下一章 上一章 目录 设置
178、【俞樊向番外】 晚安,队长。 ...
-
敌人的扫射催命一般,喘口气的机会都不给人留下。
樊思麒趴在地上,异国的土地上燃着炽热的火。
没有烧到他,但烧不烧到已经没有差别。
现在的他。这个中国的小战士,满头满脸的尘土,头盔里头发已经被汗和血濡湿。身上有些伤口,但不致命。
樊思麒握着两件东西。右手是枪,一把普通的88狙,可以保命的东西。左手是对讲机,对讲机那边是他牵挂的人。
这两件东西,一个都不能丢。
“队长……”他小声念叨了一句:“队长,我来……我来救你。”
他知道他的队长就在里面,在那栋民宅里面。
樊思麒刚刚已经目睹了自己的队友被一粒子弹贯胸穿过。那么一粒小小的子弹,就能在瞬间带走一切。

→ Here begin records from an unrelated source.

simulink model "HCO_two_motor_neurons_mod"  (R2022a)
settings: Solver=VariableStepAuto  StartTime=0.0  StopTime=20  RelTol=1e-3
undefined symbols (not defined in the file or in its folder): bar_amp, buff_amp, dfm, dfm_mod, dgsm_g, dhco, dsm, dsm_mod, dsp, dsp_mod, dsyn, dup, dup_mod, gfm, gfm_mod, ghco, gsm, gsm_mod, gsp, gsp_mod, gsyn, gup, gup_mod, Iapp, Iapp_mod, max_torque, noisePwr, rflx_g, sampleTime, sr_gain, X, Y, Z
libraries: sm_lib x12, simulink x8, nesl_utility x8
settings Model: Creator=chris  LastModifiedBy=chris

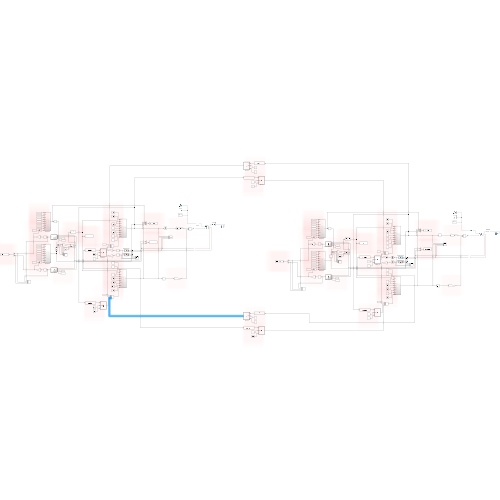
[thumbnail: Simulink's stored preview of the top-level diagram]
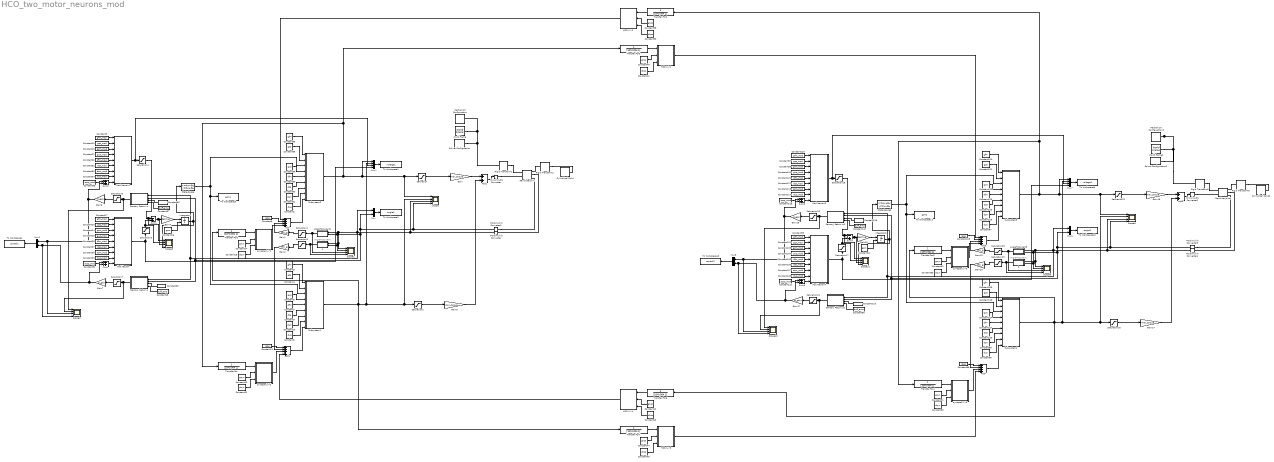
== system HCO_two_motor_neurons_mod ==
  note: AngleToCurrent
  note: AngleToCurrent
  1 : MATLAB Function  TreatAsAtomicUnit=on
  3 : MATLAB Function  TreatAsAtomicUnit=on
  Add{,1,6..7} (4 alike) : Sum  Inputs=++++
  Add2 : Sum
  Add8 : Sum
  AngleToCurrent1 : MATLAB Function  TreatAsAtomicUnit=on
  AngleToCurrent3 : MATLAB Function  TreatAsAtomicUnit=on
  Constant{1..2,87,98} (4 alike) : Constant  Value=dup
  Constant{10,61,88,126} (4 alike) : Constant  Value=dsm
  Constant{21,25,100,104} (4 alike) : Constant  Value=gup_mod
  Constant{22,26,101,105} (4 alike) : Constant  Value=dfm_mod
  Constant{19,23,97,102} (4 alike) : Constant  Value=gsp_mod
  Constant{20,24,99,103} (4 alike) : Constant  Value=gsm_mod
  Constant{27,32,106,112} (4 alike) : Constant  Value=dsp_mod
  Constant{28,33,107,113} (4 alike) : Constant  Value=dsm_mod
  Constant{29,34,108,114} (4 alike) : Constant  Value=dup_mod
  Constant{3,55,109,120} (4 alike) : Constant  Value=gfm
  Constant{8,11,89,128} (4 alike) : Constant  Value=Iapp
  Constant{30,36,110,116} (4 alike) : Constant  Value=bar_amp
  Constant{31,35,111,115} (4 alike) : Constant  Value=Iapp_mod
  Constant{18,37,96,117} (4 alike) : Constant  Value=buff_amp
  Constant{4,56,118,121} (4 alike) : Constant  Value=gsp
  Constant{5,17,95,119} (4 alike) : Constant  Value=gfm_mod
  Constant{12,15,90,93} (4 alike) : Constant  Value=dsyn
  Constant{6,58,122,124} (4 alike) : Constant  Value=gup
  Constant{7,59,123,127} (4 alike) : Constant  Value=dfm
  Constant{9,60,125,129} (4 alike) : Constant  Value=dsp
  Constant{13..14,91..92} (4 alike) : Constant  Value=gsyn
  Constant16 : Constant  Value=gsm
  Constant{38,40,42,44} (4 alike) : Constant  Value=ghco
  Constant{39,41,43,45} (4 alike) : Constant  Value=dhco
  Constant94 : Constant  Value=gsm
  Cylindrical Solid : sm_lib/Body Elements/Cylindrical Solid  GraphicAmbientColor=[0.15 0.15 0.15 1.0]  BasedOnType=Density  CenterOfMass=[0 0 0]  CenterOfMassUnits=m  GraphicDiffuseColor=[0.5 0.5 0.5]  CylinderLength=0.5  CylinderLengthUnits=m  CylinderRadius=0.05  CylinderRadiusUnits=m  Density=1000  DensityUnits=kg/m^3  DoExposeReferenceFrame=on  GraphicEmissiveColor=[0.0 0.0 0.0 1.0]  ExportEntireGeometry=off  SerializedFrames=<Frames/>  MarkerShape=Sphere  MarkerSize=10  GraphicType=FromGeometry  InertiaType=CalculateFromGeometry  Mass=1  MassUnits=kg  MomentsOfInertia=[1 1 1]  MomentsOfInertiaUnits=kg*m^2  GraphicOpacity=1.0  ProductsOfInertia=[0 0 0]  ProductsOfInertiaUnits=kg*m^2  GraphicShininess=75  GraphicSpecularColor=[0.5 0.5 0.5 1.0]  GraphicVisPropType=SimpleVisualProperties
  Cylindrical Solid2 : sm_lib/Body Elements/Cylindrical Solid  GraphicAmbientColor=[0.15 0.15 0.15 1.0]  BasedOnType=Density  CenterOfMass=[0 0 0]  CenterOfMassUnits=m  GraphicDiffuseColor=[0.5 0.5 0.5]  CylinderLength=0.5  CylinderLengthUnits=m  CylinderRadius=0.05  CylinderRadiusUnits=m  Density=1000  DensityUnits=kg/m^3  DoExposeReferenceFrame=on  GraphicEmissiveColor=[0.0 0.0 0.0 1.0]  ExportEntireGeometry=off  SerializedFrames=<Frames/>  MarkerShape=Sphere  MarkerSize=10  GraphicType=FromGeometry  InertiaType=CalculateFromGeometry  Mass=1  MassUnits=kg  MomentsOfInertia=[1 1 1]  MomentsOfInertiaUnits=kg*m^2  GraphicOpacity=1.0  ProductsOfInertia=[0 0 0]  ProductsOfInertiaUnits=kg*m^2  GraphicShininess=75  GraphicSpecularColor=[0.5 0.5 0.5 1.0]  GraphicVisPropType=SimpleVisualProperties
  Gain : Gain  Gain=max_torque
  Gain{1..2,19..20} (4 alike) : Gain  Gain=rflx_g
  Gain14 : Gain  Gain=-max_torque
  Gain15 : Gain  Gain=dgsm_g
  Gain{6..7,16..17} (4 alike) : Gain  Gain=sr_gain
  Gain18 : Gain  Gain=max_torque
  Gain3 : Gain  Gain=-max_torque
  Gain4 : Gain  Gain=dgsm_g
  HCO 1->1 : MATLAB Function  TreatAsAtomicUnit=on
  HCO 1->2 : MATLAB Function  TreatAsAtomicUnit=on
  HCO 1->3 : MATLAB Function  TreatAsAtomicUnit=on
  HCO 1->4 : MATLAB Function  TreatAsAtomicUnit=on
  Integrator : Integrator  InitialConditionSource=external
  Integrator2 : Integrator  InitialConditionSource=external
  Mechanism Configuration : sm_lib/Utilities/Mechanism Configuration  UniformGravity=Constant  GravityVector=[0 0 -9.80665]  GravityUnits=m/s^2  LinearizationDelta=0.001  JointModeTransitionNonlinearIterations=2
  Mechanism Configuration2 : sm_lib/Utilities/Mechanism Configuration  UniformGravity=Constant  GravityVector=[0 0 -9.80665]  GravityUnits=m/s^2  LinearizationDelta=0.001  JointModeTransitionNonlinearIterations=2
  Mod Neuron : Subsystem
  Mod Neuron1 : Subsystem
  Mod Neuron4 : Subsystem
  Mod Neuron5 : Subsystem
  Mux{,2,6,8} (4 alike) : Mux  Inputs=2
  Mux1 : Mux
  Mux7 : Mux
  PS-Simulink Converter{,1,4..5} (4 alike) : nesl_utility/PS-Simulink Converter  PhysicalDomain=network_engine_domain  SubClassName=ps_output  LeftPortType=input  RightPortType=output  PseudoPeriodic=off  Frequencies=[]  VectorFormat=inherit  Unit=inherit  AffineConversion=off
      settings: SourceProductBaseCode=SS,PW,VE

队友已经不剩多少了,少一个,他心里就沉一分。带队的两个队长是这支队伍的主心骨,如今他亲眼见到程队被俘,而自己的队长进入这间民宅就再也没有出去。
这不是开玩笑的。
假如队长也不在了,他最后的救命稻草也就消失了,也许就会自甘堕落自暴自弃等着那些猖狂的暴徒审判自己。
樊思麒不知道,他不敢想。
左手捏地死紧,已经失去了血色,隐隐约约还有些颤抖,他瞪大眼睛,泪水夺眶而出,为了不影响视线,又不得不赶紧擦去。
嗓子已经被烟尘呛地嘶哑生疼,以前在训练时也出现过这种情况,他会跑到队长那儿撒娇。这时候队长就会给他端一杯水,水里融上一勺蜂蜜,然后看着他喝,再用自己的毛巾帮他把脸擦干净。
他喜欢被队长当成小孩儿去照顾,依靠这个男人的感觉会让他很安心。
本来他明年就可以退伍了,俞韶扬允诺会跟他一起退伍。樊思麒记得,自己当初还信誓旦旦地说要拿自己这些年的存款卖套房子,写俞韶扬的名字。
结果俞韶扬说有房子,说养他不怎么花钱,好伺候的很,安心跟着自己就行。
樊思麒一头扎进他怀里,哼哼唧唧不知道自己在说什么幼稚的胡话。
队长比他高一点儿,这样他这个一米八几的大男孩缩在队长怀里强装小鸟依人时,也不至于显得太奇怪。
周身是热的,像那天的阳光,暖融融,然而一睁眼便不是了。这里是战场,淬炼血与火的地方,不是他的温柔乡。
樊思麒咽了口唾沫,被硝烟熏哑的嗓子疼的他面目狰狞,他对着对讲机喊了一遍“呼叫俞队”,再也没说出话来。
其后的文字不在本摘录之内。